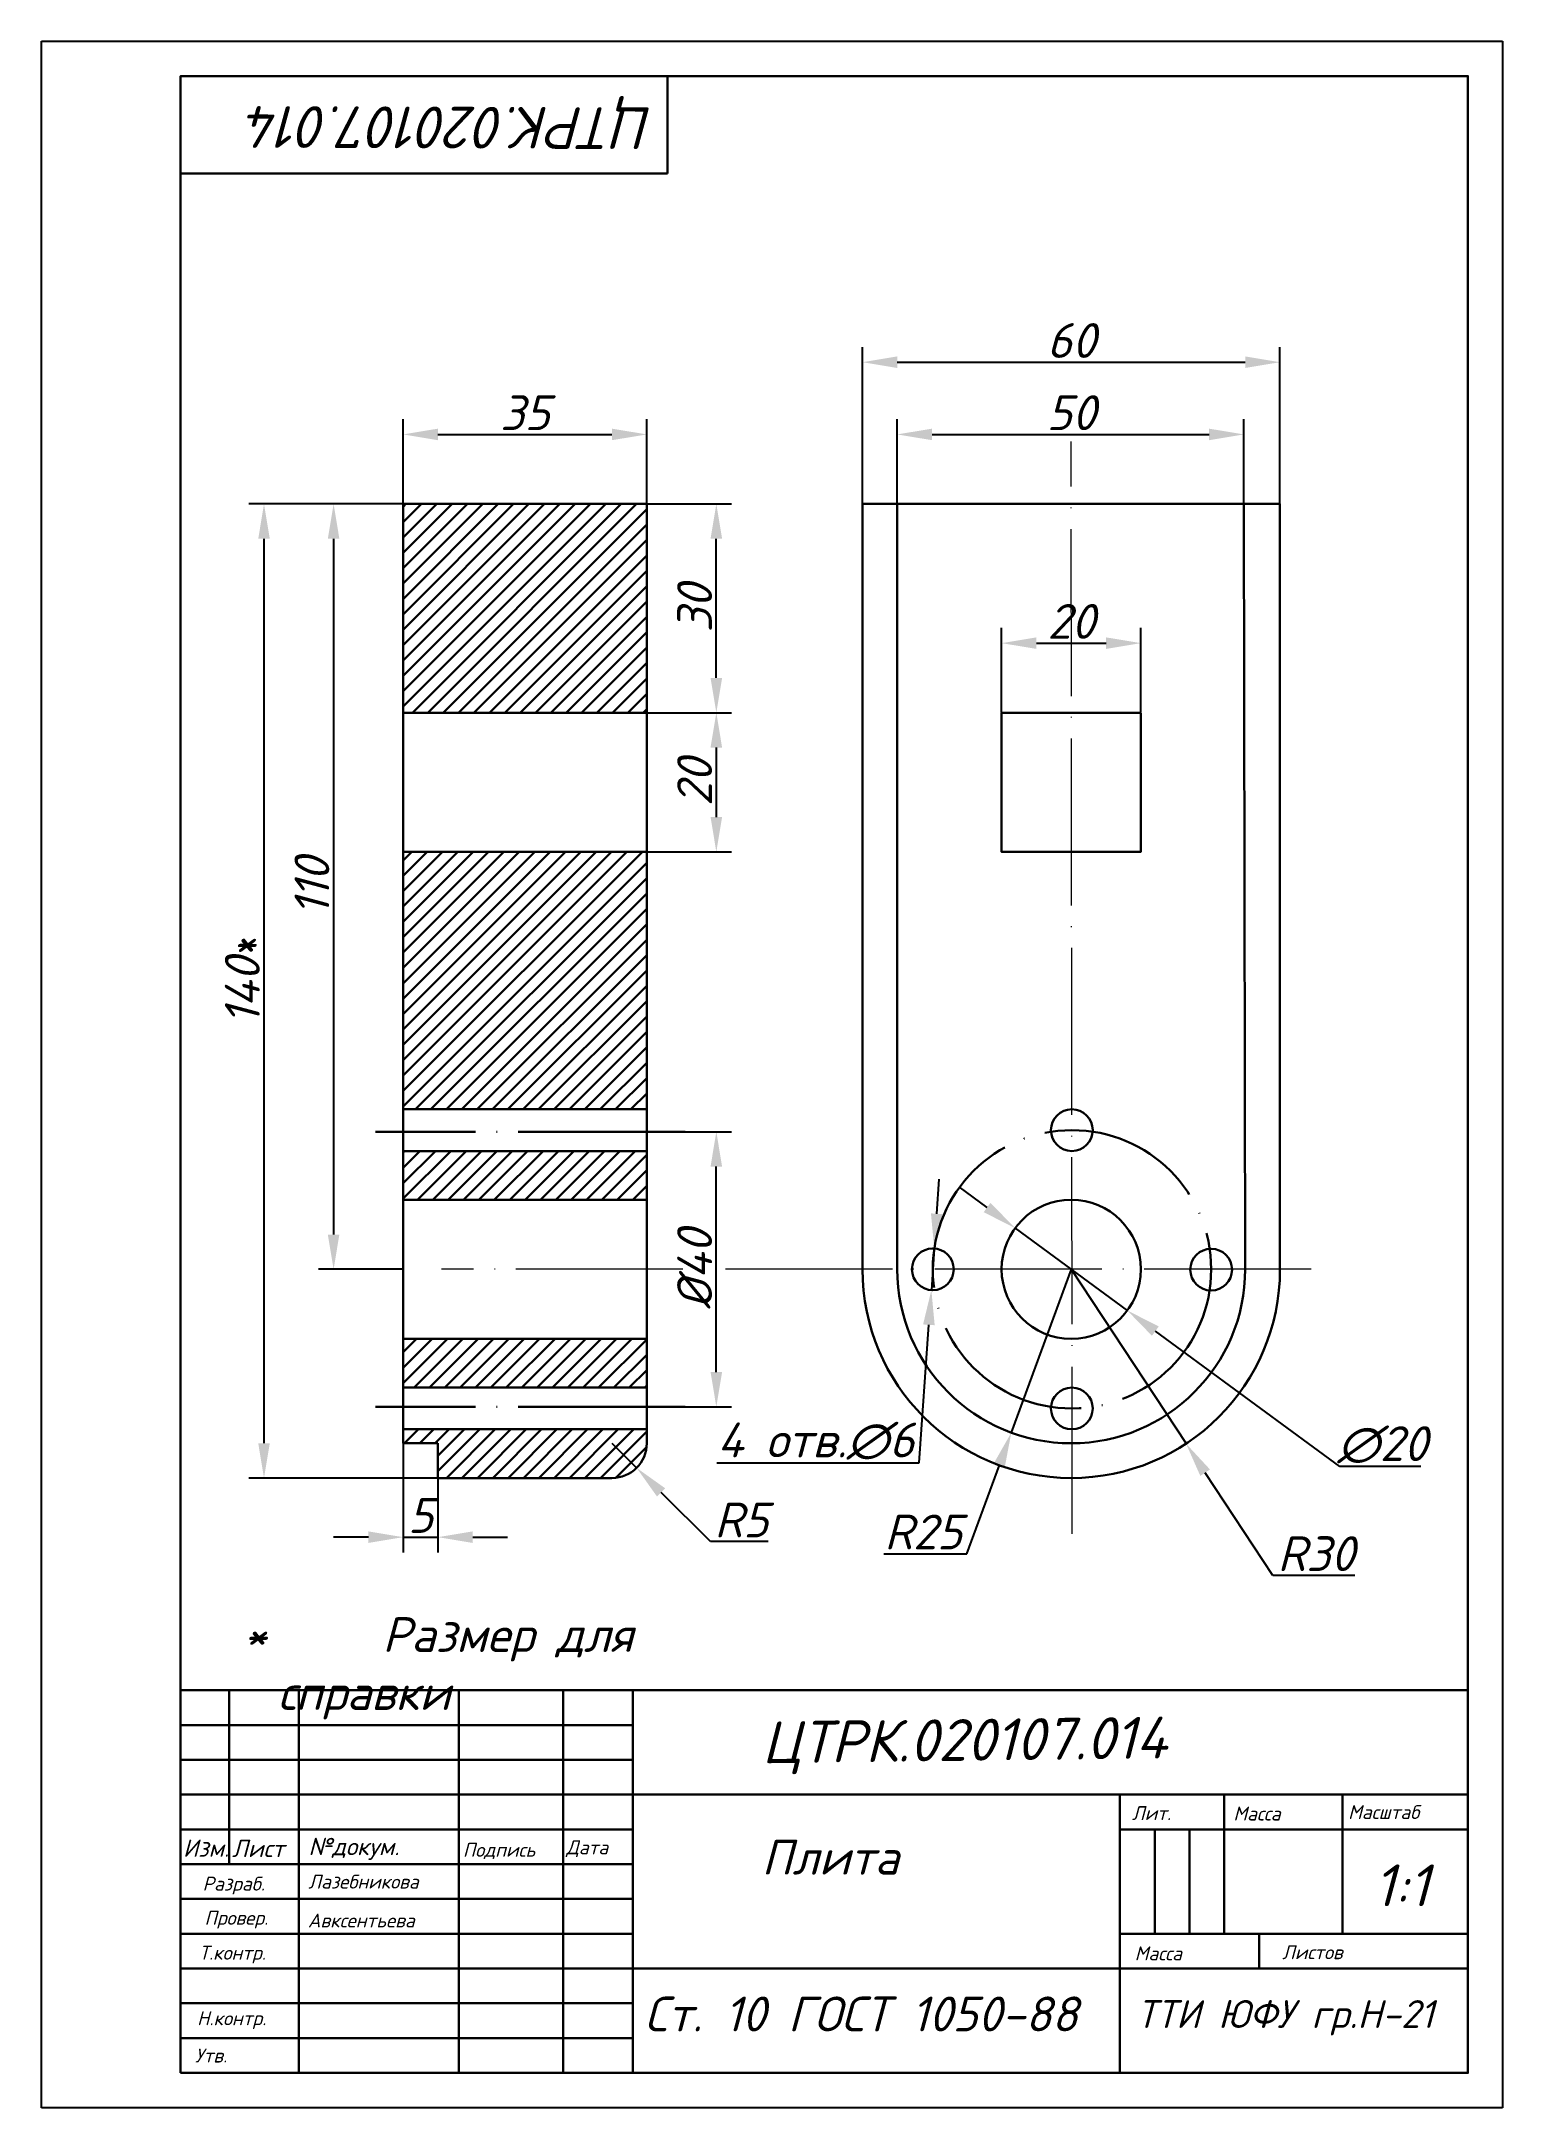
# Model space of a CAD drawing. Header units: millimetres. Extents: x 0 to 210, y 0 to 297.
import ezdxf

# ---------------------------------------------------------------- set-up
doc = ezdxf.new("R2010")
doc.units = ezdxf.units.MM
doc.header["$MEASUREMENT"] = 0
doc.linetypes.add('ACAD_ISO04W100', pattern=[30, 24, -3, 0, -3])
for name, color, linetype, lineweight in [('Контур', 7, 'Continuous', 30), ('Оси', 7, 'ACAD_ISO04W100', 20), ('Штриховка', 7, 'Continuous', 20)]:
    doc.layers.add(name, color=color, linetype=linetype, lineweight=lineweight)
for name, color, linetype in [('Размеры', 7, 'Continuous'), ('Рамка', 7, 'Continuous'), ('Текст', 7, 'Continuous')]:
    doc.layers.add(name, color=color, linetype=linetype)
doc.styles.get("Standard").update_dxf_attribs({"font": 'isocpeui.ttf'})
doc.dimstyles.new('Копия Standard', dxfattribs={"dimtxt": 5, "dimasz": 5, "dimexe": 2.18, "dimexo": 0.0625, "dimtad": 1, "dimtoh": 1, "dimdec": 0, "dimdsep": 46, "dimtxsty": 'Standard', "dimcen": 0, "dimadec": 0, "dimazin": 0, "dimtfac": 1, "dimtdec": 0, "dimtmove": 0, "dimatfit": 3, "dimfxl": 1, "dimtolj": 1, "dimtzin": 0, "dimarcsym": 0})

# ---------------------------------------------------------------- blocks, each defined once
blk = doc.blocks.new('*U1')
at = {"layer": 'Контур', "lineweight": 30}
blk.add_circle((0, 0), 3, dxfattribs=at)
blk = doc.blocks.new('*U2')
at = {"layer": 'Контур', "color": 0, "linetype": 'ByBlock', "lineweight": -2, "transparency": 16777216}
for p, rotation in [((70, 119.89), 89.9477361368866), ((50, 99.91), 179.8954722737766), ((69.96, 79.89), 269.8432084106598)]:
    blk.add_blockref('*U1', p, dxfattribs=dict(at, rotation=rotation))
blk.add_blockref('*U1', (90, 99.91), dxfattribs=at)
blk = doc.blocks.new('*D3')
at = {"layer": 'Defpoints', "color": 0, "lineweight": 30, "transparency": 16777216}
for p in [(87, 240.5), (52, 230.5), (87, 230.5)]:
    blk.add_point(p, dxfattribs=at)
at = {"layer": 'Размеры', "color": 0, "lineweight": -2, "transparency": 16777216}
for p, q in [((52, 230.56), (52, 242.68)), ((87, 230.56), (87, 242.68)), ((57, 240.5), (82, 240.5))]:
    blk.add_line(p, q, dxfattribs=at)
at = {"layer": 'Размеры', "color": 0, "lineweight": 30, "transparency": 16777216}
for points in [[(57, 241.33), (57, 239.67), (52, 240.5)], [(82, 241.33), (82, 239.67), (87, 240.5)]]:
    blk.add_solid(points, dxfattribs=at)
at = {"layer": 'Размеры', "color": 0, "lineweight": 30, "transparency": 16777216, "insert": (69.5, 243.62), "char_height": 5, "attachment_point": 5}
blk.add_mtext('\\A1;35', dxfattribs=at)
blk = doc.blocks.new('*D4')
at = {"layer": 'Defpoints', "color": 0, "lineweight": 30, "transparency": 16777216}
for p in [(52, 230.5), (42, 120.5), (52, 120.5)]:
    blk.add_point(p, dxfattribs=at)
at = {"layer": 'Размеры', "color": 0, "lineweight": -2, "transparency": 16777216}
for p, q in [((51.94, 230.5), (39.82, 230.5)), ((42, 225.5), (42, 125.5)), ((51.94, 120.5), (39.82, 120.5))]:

Task to carry out →
Set down word for word the lines from the first entry through the line with "color=color, linetype=linetype, lineweight=lineweight)", both included, omitting pictures.

Response area →
# Model space of a CAD drawing. Header units: millimetres. Extents: x 0 to 210, y 0 to 297.
import ezdxf

# ---------------------------------------------------------------- set-up
doc = ezdxf.new("R2010")
doc.units = ezdxf.units.MM
doc.header["$MEASUREMENT"] = 0
doc.linetypes.add('ACAD_ISO04W100', pattern=[30, 24, -3, 0, -3])
for name, color, linetype, lineweight in [('Контур', 7, 'Continuous', 30), ('Оси', 7, 'ACAD_ISO04W100', 20), ('Штриховка', 7, 'Continuous', 20)]:
    doc.layers.add(name, color=color, linetype=linetype, lineweight=lineweight)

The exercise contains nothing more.